**TASK PROMPT:** From the data below, copy exactly the lines that lie between the one holding "#120=VECTOR('',#119,1.);" and the one holding "#126=ORIENTED_EDGE('',*,*,#125,.T.);", including both, and nothing more.
[[ THE DATA, beginning ]]
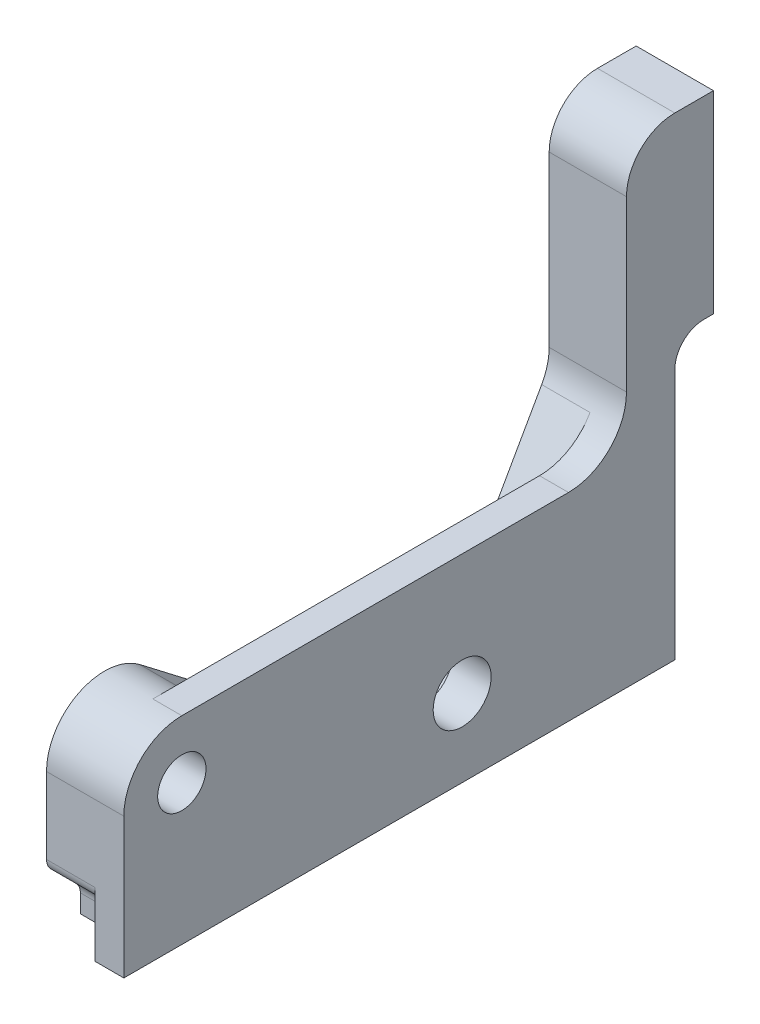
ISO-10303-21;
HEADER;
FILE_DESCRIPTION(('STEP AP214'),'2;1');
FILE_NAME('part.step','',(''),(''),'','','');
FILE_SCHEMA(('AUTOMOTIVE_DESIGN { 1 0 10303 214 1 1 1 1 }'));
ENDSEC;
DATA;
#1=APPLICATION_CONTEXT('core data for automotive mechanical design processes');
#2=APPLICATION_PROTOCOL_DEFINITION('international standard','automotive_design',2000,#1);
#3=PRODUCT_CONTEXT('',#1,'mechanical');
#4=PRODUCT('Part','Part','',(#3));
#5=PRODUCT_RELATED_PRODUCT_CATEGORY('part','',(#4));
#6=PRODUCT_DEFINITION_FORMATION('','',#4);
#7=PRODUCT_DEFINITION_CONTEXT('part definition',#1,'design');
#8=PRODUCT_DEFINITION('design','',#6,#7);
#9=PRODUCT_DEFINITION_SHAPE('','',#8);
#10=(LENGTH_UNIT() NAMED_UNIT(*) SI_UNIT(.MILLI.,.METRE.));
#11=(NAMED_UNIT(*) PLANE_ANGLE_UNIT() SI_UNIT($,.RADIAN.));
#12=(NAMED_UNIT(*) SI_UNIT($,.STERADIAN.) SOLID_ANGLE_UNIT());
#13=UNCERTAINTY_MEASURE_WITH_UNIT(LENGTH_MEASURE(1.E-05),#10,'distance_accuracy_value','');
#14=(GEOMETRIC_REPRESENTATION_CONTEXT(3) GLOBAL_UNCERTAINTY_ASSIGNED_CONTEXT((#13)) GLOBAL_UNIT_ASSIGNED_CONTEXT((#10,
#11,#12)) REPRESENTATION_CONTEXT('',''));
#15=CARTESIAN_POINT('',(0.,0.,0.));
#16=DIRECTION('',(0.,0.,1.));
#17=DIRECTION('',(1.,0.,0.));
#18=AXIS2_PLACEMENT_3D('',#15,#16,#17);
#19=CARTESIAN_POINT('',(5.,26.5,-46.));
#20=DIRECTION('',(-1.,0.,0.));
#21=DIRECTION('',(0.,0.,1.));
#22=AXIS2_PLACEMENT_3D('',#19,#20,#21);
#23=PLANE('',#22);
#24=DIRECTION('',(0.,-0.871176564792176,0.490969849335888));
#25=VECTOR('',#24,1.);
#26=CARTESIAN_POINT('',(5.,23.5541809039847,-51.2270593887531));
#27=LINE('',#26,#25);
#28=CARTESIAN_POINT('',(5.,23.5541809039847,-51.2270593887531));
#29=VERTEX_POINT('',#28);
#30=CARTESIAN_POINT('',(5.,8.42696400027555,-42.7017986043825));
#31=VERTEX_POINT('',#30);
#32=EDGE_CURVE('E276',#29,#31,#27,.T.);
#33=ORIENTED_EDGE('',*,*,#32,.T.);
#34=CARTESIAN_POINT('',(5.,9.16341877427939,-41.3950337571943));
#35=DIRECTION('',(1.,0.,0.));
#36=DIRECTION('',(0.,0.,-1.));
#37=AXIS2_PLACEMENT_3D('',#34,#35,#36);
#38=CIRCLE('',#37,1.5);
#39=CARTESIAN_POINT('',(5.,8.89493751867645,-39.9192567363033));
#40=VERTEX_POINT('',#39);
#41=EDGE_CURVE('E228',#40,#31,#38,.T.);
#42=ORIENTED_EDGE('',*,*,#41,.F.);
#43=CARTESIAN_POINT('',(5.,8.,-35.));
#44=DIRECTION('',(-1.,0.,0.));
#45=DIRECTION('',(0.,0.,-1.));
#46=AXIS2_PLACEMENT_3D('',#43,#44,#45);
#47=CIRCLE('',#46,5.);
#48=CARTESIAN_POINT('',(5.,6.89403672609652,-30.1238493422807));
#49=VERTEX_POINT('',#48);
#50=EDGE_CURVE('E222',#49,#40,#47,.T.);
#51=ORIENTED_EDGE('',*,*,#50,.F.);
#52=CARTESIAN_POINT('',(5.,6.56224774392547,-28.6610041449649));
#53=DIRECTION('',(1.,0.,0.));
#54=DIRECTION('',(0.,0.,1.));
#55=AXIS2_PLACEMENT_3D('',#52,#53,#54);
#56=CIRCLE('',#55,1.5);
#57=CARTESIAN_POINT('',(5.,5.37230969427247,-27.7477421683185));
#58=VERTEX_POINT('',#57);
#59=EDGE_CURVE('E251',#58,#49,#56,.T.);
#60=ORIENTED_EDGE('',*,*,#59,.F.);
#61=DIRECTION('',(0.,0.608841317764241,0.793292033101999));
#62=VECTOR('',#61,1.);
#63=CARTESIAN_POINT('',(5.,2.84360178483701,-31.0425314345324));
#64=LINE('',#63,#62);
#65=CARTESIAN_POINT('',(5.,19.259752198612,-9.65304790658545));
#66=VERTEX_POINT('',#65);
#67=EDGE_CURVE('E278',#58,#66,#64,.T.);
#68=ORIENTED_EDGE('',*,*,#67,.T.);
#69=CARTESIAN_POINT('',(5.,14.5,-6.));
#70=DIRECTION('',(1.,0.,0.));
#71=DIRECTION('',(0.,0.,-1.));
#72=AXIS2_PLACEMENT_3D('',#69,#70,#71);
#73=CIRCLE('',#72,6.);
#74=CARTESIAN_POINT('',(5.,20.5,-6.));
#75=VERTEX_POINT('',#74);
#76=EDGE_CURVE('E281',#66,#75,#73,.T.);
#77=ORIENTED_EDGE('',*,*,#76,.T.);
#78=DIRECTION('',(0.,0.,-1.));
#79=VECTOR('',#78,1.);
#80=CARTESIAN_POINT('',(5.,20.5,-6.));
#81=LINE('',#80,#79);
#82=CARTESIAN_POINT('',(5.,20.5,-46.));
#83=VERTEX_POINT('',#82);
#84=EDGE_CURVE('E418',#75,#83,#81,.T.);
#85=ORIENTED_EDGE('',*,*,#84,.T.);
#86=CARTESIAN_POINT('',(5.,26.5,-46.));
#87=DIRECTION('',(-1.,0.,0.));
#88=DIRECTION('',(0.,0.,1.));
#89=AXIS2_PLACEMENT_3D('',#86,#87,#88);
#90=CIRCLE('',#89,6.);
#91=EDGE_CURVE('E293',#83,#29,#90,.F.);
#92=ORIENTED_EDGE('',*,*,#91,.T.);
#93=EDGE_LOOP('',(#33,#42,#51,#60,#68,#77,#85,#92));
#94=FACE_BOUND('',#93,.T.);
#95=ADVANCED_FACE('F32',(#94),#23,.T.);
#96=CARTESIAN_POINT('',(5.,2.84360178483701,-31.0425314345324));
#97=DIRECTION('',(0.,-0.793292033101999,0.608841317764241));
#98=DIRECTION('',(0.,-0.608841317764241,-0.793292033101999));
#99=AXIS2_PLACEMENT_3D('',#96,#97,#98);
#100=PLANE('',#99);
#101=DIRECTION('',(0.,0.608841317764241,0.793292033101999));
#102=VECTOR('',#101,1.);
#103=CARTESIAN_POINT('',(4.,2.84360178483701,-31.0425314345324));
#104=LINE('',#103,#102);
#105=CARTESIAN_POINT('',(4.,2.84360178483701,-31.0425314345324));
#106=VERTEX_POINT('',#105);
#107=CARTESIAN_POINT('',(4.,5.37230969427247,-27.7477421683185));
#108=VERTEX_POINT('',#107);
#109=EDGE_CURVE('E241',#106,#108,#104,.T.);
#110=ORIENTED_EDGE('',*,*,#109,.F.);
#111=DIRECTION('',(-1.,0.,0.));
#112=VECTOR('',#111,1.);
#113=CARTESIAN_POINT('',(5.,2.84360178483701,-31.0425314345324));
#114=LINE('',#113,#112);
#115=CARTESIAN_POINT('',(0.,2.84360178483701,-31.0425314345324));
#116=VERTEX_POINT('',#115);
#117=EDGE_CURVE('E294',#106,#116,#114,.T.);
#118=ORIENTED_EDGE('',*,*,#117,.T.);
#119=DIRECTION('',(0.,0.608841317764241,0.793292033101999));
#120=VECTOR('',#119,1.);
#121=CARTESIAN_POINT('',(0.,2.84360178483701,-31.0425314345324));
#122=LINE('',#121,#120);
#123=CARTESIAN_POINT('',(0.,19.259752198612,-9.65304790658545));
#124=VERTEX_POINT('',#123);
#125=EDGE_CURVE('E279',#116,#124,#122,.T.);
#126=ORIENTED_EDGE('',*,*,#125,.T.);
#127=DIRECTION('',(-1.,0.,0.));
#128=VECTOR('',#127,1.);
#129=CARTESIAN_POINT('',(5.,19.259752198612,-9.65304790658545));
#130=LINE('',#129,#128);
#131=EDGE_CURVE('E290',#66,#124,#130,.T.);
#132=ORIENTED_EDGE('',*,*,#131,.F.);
[[ THE DATA, end ]]
**WRITTEN RESPONSE:**
#120=VECTOR('',#119,1.);
#121=CARTESIAN_POINT('',(0.,2.84360178483701,-31.0425314345324));
#122=LINE('',#121,#120);
#123=CARTESIAN_POINT('',(0.,19.259752198612,-9.65304790658545));
#124=VERTEX_POINT('',#123);
#125=EDGE_CURVE('E279',#116,#124,#122,.T.);
#126=ORIENTED_EDGE('',*,*,#125,.T.);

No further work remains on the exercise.